[Source data]
>>
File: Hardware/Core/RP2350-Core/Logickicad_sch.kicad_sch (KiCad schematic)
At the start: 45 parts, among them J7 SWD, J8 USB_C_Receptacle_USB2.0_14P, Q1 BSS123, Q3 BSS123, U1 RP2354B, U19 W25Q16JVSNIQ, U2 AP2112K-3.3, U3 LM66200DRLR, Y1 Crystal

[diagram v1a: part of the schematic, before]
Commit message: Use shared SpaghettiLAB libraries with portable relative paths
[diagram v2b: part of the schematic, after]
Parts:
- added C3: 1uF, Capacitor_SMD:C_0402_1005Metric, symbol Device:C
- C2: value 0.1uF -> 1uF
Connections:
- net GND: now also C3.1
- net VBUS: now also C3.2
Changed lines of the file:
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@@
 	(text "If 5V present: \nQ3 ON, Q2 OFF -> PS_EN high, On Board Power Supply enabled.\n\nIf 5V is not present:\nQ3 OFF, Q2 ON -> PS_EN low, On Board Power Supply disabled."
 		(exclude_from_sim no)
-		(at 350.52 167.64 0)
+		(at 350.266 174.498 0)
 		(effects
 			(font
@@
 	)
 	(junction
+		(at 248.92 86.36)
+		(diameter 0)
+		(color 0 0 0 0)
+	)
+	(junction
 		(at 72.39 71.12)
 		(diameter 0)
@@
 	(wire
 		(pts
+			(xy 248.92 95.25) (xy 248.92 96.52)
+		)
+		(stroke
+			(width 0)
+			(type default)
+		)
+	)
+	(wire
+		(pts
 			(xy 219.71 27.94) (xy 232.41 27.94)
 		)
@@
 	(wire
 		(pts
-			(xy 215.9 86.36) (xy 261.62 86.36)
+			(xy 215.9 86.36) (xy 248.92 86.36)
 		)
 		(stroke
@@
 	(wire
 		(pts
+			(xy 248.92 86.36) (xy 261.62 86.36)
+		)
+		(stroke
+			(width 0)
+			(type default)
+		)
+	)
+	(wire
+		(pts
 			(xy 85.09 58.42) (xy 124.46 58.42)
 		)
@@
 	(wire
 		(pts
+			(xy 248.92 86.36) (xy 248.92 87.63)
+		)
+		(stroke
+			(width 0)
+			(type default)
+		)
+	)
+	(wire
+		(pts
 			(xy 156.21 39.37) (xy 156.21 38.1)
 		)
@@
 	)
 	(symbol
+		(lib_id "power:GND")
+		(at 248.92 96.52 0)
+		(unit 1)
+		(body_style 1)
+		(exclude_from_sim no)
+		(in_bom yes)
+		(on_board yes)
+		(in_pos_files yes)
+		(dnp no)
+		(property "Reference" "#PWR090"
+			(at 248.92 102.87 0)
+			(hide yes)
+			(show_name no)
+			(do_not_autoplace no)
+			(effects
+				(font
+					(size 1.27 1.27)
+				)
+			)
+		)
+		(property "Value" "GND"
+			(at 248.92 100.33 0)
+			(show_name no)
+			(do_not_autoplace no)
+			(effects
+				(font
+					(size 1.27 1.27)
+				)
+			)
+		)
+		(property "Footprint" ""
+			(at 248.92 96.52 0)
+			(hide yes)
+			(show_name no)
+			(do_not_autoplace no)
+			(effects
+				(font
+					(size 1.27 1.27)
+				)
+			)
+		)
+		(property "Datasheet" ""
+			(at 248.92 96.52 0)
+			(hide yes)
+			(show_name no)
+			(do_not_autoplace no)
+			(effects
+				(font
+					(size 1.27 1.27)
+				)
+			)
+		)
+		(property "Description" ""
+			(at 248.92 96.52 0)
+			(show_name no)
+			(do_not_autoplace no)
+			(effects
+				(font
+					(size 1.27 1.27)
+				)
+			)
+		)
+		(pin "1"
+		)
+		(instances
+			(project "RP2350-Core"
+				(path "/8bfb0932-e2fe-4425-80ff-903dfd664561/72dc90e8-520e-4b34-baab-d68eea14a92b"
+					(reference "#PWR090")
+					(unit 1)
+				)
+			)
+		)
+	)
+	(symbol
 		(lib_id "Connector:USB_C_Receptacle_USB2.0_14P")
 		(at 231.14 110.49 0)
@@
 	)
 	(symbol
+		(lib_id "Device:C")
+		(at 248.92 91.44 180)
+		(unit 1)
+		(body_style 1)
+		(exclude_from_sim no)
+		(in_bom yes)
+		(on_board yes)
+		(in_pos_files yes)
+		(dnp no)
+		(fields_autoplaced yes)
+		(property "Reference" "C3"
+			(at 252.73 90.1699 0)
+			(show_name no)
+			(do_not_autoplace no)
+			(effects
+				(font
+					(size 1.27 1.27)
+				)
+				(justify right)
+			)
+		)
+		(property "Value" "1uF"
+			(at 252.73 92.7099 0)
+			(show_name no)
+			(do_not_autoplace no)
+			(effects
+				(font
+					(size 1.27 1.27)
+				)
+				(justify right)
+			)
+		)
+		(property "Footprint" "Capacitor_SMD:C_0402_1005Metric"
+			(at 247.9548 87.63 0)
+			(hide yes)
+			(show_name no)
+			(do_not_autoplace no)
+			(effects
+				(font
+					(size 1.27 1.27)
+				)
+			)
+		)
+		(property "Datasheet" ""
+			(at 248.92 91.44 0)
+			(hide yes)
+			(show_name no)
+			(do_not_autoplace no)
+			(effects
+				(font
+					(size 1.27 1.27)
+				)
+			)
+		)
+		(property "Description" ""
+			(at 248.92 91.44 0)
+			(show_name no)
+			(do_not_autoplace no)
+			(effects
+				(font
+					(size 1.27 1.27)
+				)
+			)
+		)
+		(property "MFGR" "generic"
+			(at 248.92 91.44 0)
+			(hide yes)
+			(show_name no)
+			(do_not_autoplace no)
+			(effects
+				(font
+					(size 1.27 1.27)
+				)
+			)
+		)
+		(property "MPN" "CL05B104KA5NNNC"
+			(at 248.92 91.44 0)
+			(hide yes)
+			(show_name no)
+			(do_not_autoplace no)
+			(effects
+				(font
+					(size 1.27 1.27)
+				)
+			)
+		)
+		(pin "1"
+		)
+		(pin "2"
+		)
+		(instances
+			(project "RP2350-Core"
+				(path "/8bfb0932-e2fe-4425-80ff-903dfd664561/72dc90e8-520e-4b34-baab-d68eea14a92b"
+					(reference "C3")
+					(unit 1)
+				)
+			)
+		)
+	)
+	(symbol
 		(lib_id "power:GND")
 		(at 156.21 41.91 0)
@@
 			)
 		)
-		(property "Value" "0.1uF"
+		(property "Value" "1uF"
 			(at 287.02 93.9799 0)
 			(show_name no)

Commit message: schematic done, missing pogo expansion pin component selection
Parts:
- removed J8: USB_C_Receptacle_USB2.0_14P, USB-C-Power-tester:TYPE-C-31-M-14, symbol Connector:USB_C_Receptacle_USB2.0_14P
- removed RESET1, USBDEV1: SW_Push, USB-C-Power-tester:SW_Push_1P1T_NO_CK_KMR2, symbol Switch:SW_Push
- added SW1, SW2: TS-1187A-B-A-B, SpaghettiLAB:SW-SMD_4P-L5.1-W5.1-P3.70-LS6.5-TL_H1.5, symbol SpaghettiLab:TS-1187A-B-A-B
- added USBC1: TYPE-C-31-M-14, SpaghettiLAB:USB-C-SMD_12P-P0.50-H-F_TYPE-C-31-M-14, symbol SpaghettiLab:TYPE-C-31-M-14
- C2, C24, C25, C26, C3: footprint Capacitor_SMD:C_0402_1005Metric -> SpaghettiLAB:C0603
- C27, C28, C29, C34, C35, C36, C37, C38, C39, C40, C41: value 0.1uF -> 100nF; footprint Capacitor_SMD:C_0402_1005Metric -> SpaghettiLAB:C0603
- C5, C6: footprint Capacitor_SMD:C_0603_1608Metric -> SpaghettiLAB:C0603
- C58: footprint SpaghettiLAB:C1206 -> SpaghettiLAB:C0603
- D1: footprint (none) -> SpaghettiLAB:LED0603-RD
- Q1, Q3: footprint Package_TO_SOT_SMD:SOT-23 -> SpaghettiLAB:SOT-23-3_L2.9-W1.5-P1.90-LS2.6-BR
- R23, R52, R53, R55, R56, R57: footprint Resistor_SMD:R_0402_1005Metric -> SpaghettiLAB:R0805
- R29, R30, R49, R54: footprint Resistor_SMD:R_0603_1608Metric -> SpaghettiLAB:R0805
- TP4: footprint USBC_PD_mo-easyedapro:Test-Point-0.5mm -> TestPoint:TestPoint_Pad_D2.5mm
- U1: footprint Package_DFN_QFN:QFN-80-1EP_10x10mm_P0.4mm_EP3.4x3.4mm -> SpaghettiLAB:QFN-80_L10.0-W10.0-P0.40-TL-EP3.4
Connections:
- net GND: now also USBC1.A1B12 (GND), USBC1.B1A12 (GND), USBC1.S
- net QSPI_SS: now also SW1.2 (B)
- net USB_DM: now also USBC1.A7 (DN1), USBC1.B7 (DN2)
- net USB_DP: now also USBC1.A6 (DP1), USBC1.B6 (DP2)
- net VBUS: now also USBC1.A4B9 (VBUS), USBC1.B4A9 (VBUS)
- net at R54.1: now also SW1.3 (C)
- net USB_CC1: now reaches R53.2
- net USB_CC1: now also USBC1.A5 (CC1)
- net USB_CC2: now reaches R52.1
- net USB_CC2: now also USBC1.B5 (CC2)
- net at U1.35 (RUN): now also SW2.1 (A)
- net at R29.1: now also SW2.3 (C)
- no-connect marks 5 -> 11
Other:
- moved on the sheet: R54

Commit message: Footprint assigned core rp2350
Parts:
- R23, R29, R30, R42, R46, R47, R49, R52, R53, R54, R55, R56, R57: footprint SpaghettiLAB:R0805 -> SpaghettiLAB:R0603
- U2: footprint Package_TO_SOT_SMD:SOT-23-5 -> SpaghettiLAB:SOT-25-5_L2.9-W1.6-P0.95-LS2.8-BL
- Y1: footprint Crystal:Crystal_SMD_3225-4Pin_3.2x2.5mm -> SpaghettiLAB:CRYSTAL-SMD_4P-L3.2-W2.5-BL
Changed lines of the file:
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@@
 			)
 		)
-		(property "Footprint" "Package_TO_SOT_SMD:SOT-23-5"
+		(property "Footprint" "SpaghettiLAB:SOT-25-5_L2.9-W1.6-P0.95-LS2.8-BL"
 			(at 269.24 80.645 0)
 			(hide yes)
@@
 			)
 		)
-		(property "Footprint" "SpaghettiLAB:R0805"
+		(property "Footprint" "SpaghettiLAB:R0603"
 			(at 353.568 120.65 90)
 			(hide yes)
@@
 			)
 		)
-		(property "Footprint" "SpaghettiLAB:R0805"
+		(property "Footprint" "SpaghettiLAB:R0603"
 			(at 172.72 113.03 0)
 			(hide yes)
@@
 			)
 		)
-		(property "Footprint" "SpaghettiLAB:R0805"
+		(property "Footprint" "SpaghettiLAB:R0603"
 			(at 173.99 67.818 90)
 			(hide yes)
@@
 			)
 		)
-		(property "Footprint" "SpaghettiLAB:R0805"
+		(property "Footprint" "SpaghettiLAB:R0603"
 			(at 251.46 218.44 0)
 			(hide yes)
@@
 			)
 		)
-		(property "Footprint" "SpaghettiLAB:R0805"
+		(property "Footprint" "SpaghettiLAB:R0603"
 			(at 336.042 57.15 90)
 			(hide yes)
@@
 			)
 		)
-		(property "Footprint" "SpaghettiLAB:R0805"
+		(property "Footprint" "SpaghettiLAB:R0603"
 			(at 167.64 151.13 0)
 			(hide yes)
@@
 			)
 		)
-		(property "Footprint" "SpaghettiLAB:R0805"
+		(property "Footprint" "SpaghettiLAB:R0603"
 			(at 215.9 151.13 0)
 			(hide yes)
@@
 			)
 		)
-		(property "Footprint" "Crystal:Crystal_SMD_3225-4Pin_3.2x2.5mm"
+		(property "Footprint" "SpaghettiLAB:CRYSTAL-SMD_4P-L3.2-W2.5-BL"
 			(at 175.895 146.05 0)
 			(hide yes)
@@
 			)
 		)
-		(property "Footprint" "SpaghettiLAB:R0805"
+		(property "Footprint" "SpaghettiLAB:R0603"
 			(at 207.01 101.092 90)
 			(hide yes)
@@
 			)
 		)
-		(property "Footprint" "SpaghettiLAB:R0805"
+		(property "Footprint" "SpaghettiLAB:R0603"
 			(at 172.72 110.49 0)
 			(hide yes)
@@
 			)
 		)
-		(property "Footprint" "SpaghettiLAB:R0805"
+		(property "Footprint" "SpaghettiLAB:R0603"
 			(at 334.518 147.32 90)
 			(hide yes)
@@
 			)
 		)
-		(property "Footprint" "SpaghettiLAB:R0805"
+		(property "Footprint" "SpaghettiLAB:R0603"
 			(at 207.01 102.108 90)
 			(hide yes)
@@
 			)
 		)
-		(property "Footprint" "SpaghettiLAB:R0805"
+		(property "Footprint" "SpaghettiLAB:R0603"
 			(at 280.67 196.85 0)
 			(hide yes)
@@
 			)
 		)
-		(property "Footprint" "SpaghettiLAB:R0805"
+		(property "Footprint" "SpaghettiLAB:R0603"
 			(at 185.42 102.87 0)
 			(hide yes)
<<
Every line above that includes the string "message" needs to be copied.

- [Answer box]:
Commit message: Use shared SpaghettiLAB libraries with portable relative paths
Commit message: schematic done, missing pogo expansion pin component selection
Commit message: Footprint assigned core rp2350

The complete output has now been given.